• [Task objective]: What you return must match the data below exactly, minus any pictures.

• [Record extracts]:
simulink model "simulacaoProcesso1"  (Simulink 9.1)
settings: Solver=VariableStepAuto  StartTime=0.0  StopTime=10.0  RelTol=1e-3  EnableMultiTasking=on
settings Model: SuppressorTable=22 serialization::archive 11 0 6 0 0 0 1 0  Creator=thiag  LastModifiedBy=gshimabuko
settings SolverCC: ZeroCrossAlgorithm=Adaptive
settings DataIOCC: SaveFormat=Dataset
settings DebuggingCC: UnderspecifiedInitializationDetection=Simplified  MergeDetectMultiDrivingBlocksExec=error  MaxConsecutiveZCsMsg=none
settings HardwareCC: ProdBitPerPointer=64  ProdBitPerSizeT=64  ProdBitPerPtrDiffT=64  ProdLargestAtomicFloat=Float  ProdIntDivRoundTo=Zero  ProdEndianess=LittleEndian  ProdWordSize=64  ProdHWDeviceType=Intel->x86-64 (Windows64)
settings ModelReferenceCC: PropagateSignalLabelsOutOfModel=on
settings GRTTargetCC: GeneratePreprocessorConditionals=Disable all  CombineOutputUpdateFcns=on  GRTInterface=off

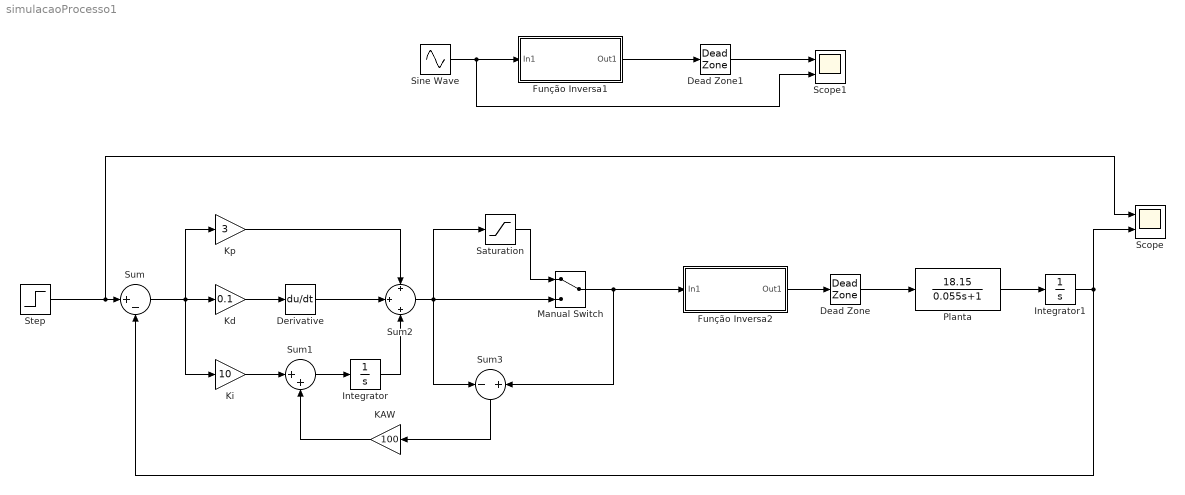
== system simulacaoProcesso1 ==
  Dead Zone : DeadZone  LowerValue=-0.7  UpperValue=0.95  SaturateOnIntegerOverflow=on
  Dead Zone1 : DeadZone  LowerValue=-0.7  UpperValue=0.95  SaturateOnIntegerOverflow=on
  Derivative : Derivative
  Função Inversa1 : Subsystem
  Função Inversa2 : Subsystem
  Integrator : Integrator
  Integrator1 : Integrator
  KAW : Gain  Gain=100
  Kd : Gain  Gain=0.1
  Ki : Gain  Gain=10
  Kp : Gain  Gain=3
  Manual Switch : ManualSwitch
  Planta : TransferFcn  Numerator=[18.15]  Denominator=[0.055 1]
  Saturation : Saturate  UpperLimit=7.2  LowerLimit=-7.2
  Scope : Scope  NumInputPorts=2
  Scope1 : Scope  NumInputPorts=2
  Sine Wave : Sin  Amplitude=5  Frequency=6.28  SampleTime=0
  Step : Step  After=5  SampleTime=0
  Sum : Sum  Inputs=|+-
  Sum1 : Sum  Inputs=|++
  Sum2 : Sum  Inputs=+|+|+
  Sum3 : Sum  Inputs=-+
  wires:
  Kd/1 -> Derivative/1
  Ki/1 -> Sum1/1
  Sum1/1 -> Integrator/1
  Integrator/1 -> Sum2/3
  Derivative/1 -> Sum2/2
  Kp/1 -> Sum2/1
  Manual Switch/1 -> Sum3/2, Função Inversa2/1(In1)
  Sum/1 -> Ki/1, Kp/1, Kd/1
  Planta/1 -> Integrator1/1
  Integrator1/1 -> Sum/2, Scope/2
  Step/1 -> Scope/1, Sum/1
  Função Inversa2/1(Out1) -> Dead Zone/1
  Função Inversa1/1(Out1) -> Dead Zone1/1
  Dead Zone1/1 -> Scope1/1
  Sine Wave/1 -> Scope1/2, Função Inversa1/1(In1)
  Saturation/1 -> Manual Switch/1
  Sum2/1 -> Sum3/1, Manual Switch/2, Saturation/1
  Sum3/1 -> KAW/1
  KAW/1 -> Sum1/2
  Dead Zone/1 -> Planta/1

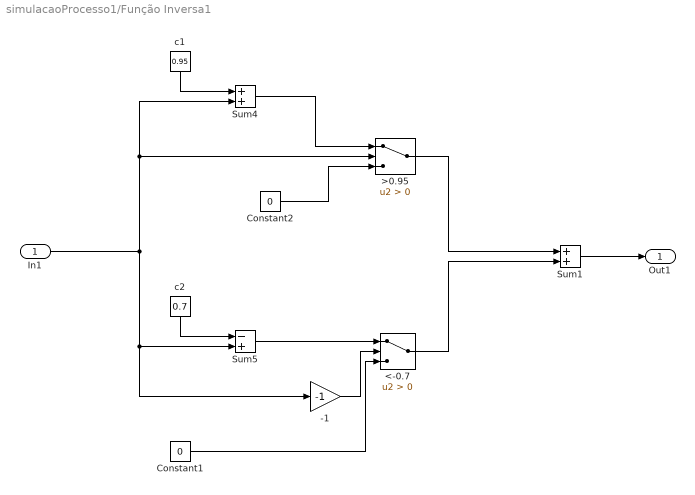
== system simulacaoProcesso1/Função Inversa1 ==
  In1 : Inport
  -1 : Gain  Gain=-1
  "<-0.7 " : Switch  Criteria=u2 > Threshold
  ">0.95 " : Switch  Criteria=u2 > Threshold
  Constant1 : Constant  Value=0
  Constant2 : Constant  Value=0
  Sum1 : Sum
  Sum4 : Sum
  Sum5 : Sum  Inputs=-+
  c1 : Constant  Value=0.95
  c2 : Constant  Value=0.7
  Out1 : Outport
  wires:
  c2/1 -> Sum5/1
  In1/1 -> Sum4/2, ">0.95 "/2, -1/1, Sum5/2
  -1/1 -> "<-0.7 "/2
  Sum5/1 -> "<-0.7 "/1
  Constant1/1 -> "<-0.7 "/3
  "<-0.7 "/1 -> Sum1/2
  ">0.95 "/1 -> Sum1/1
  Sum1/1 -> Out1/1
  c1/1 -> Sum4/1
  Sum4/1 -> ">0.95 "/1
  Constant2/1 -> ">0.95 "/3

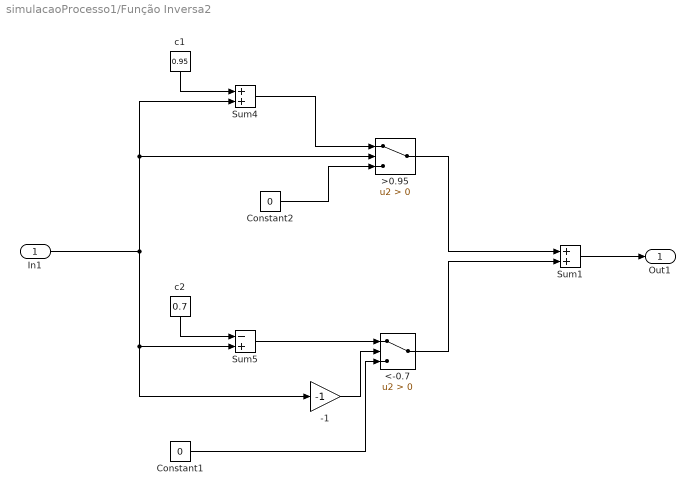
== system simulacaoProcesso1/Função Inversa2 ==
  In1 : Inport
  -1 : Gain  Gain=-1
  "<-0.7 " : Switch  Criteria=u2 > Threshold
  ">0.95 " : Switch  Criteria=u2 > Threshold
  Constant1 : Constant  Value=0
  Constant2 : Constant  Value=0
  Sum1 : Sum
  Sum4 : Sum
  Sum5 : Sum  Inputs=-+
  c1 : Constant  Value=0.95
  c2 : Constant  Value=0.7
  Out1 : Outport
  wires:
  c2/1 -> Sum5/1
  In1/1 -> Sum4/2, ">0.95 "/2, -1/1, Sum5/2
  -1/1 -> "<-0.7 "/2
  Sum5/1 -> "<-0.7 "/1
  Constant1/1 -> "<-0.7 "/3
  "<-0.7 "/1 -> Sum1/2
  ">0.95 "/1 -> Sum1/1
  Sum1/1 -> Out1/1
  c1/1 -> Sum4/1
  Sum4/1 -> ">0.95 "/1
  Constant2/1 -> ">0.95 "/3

• [Answer section]:
simulink model "simulacaoProcesso1"  (Simulink 9.1)
settings: Solver=VariableStepAuto  StartTime=0.0  StopTime=10.0  RelTol=1e-3  EnableMultiTasking=on
settings Model: SuppressorTable=22 serialization::archive 11 0 6 0 0 0 1 0  Creator=thiag  LastModifiedBy=gshimabuko
settings SolverCC: ZeroCrossAlgorithm=Adaptive
settings DataIOCC: SaveFormat=Dataset
settings DebuggingCC: UnderspecifiedInitializationDetection=Simplified  MergeDetectMultiDrivingBlocksExec=error  MaxConsecutiveZCsMsg=none
settings HardwareCC: ProdBitPerPointer=64  ProdBitPerSizeT=64  ProdBitPerPtrDiffT=64  ProdLargestAtomicFloat=Float  ProdIntDivRoundTo=Zero  ProdEndianess=LittleEndian  ProdWordSize=64  ProdHWDeviceType=Intel->x86-64 (Windows64)
settings ModelReferenceCC: PropagateSignalLabelsOutOfModel=on
settings GRTTargetCC: GeneratePreprocessorConditionals=Disable all  CombineOutputUpdateFcns=on  GRTInterface=off

== system simulacaoProcesso1 ==
  Dead Zone : DeadZone  LowerValue=-0.7  UpperValue=0.95  SaturateOnIntegerOverflow=on
  Dead Zone1 : DeadZone  LowerValue=-0.7  UpperValue=0.95  SaturateOnIntegerOverflow=on
  Derivative : Derivative
  Função Inversa1 : Subsystem
  Função Inversa2 : Subsystem
  Integrator : Integrator
  Integrator1 : Integrator
  KAW : Gain  Gain=100
  Kd : Gain  Gain=0.1
  Ki : Gain  Gain=10
  Kp : Gain  Gain=3
  Manual Switch : ManualSwitch
  Planta : TransferFcn  Numerator=[18.15]  Denominator=[0.055 1]
  Saturation : Saturate  UpperLimit=7.2  LowerLimit=-7.2
  Scope : Scope  NumInputPorts=2
  Scope1 : Scope  NumInputPorts=2
  Sine Wave : Sin  Amplitude=5  Frequency=6.28  SampleTime=0
  Step : Step  After=5  SampleTime=0
  Sum : Sum  Inputs=|+-
  Sum1 : Sum  Inputs=|++
  Sum2 : Sum  Inputs=+|+|+
  Sum3 : Sum  Inputs=-+
  wires:
  Kd/1 -> Derivative/1
  Ki/1 -> Sum1/1
  Sum1/1 -> Integrator/1
  Integrator/1 -> Sum2/3
  Derivative/1 -> Sum2/2
  Kp/1 -> Sum2/1
  Manual Switch/1 -> Sum3/2, Função Inversa2/1(In1)
  Sum/1 -> Ki/1, Kp/1, Kd/1
  Planta/1 -> Integrator1/1
  Integrator1/1 -> Sum/2, Scope/2
  Step/1 -> Scope/1, Sum/1
  Função Inversa2/1(Out1) -> Dead Zone/1
  Função Inversa1/1(Out1) -> Dead Zone1/1
  Dead Zone1/1 -> Scope1/1
  Sine Wave/1 -> Scope1/2, Função Inversa1/1(In1)
  Saturation/1 -> Manual Switch/1
  Sum2/1 -> Sum3/1, Manual Switch/2, Saturation/1
  Sum3/1 -> KAW/1
  KAW/1 -> Sum1/2
  Dead Zone/1 -> Planta/1

== system simulacaoProcesso1/Função Inversa1 ==
  In1 : Inport
  -1 : Gain  Gain=-1
  "<-0.7 " : Switch  Criteria=u2 > Threshold
  ">0.95 " : Switch  Criteria=u2 > Threshold
  Constant1 : Constant  Value=0
  Constant2 : Constant  Value=0
  Sum1 : Sum
  Sum4 : Sum
  Sum5 : Sum  Inputs=-+
  c1 : Constant  Value=0.95
  c2 : Constant  Value=0.7
  Out1 : Outport
  wires:
  c2/1 -> Sum5/1
  In1/1 -> Sum4/2, ">0.95 "/2, -1/1, Sum5/2
  -1/1 -> "<-0.7 "/2
  Sum5/1 -> "<-0.7 "/1
  Constant1/1 -> "<-0.7 "/3
  "<-0.7 "/1 -> Sum1/2
  ">0.95 "/1 -> Sum1/1
  Sum1/1 -> Out1/1
  c1/1 -> Sum4/1
  Sum4/1 -> ">0.95 "/1
  Constant2/1 -> ">0.95 "/3

== system simulacaoProcesso1/Função Inversa2 ==
  In1 : Inport
  -1 : Gain  Gain=-1
  "<-0.7 " : Switch  Criteria=u2 > Threshold
  ">0.95 " : Switch  Criteria=u2 > Threshold
  Constant1 : Constant  Value=0
  Constant2 : Constant  Value=0
  Sum1 : Sum
  Sum4 : Sum
  Sum5 : Sum  Inputs=-+
  c1 : Constant  Value=0.95
  c2 : Constant  Value=0.7
  Out1 : Outport
  wires:
  c2/1 -> Sum5/1
  In1/1 -> Sum4/2, ">0.95 "/2, -1/1, Sum5/2
  -1/1 -> "<-0.7 "/2
  Sum5/1 -> "<-0.7 "/1
  Constant1/1 -> "<-0.7 "/3
  "<-0.7 "/1 -> Sum1/2
  ">0.95 "/1 -> Sum1/1
  Sum1/1 -> Out1/1
  c1/1 -> Sum4/1
  Sum4/1 -> ">0.95 "/1
  Constant2/1 -> ">0.95 "/3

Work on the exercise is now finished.